(SUPPLIED DATA Opens)

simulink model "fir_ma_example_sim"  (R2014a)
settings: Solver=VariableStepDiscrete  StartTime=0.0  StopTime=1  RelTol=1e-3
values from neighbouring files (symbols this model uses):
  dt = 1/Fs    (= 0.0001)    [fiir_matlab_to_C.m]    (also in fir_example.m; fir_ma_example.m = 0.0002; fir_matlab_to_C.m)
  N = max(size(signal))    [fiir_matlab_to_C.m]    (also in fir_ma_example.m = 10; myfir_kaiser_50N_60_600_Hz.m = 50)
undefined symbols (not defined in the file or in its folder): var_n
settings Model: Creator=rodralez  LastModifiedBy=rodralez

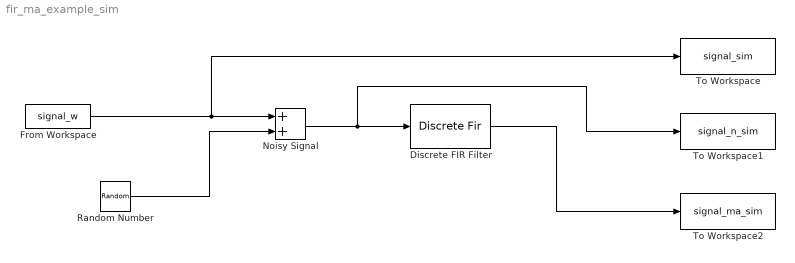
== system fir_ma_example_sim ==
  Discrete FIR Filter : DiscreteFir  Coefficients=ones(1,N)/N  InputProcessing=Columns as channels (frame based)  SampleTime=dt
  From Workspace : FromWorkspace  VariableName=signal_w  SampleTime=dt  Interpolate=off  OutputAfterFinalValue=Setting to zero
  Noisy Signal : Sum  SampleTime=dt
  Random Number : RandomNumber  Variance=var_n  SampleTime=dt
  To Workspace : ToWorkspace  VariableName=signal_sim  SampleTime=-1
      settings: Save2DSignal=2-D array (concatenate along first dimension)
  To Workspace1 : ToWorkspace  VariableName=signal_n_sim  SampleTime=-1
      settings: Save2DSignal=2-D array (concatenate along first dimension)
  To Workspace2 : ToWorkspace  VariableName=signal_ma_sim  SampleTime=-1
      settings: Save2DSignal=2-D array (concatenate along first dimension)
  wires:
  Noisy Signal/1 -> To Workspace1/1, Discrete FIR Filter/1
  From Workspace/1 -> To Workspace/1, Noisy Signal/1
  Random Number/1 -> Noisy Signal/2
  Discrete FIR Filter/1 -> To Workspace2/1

(SUPPLIED DATA Closes)

### WHAT TO WORK ON
Retype the full listing above precisely. Exclude each picture you find in it.

### YOUR RESPONSE
simulink model "fir_ma_example_sim"  (R2014a)
settings: Solver=VariableStepDiscrete  StartTime=0.0  StopTime=1  RelTol=1e-3
values from neighbouring files (symbols this model uses):
  dt = 1/Fs    (= 0.0001)    [fiir_matlab_to_C.m]    (also in fir_example.m; fir_ma_example.m = 0.0002; fir_matlab_to_C.m)
  N = max(size(signal))    [fiir_matlab_to_C.m]    (also in fir_ma_example.m = 10; myfir_kaiser_50N_60_600_Hz.m = 50)
undefined symbols (not defined in the file or in its folder): var_n
settings Model: Creator=rodralez  LastModifiedBy=rodralez

== system fir_ma_example_sim ==
  Discrete FIR Filter : DiscreteFir  Coefficients=ones(1,N)/N  InputProcessing=Columns as channels (frame based)  SampleTime=dt
  From Workspace : FromWorkspace  VariableName=signal_w  SampleTime=dt  Interpolate=off  OutputAfterFinalValue=Setting to zero
  Noisy Signal : Sum  SampleTime=dt
  Random Number : RandomNumber  Variance=var_n  SampleTime=dt
  To Workspace : ToWorkspace  VariableName=signal_sim  SampleTime=-1
      settings: Save2DSignal=2-D array (concatenate along first dimension)
  To Workspace1 : ToWorkspace  VariableName=signal_n_sim  SampleTime=-1
      settings: Save2DSignal=2-D array (concatenate along first dimension)
  To Workspace2 : ToWorkspace  VariableName=signal_ma_sim  SampleTime=-1
      settings: Save2DSignal=2-D array (concatenate along first dimension)
  wires:
  Noisy Signal/1 -> To Workspace1/1, Discrete FIR Filter/1
  From Workspace/1 -> To Workspace/1, Noisy Signal/1
  Random Number/1 -> Noisy Signal/2
  Discrete FIR Filter/1 -> To Workspace2/1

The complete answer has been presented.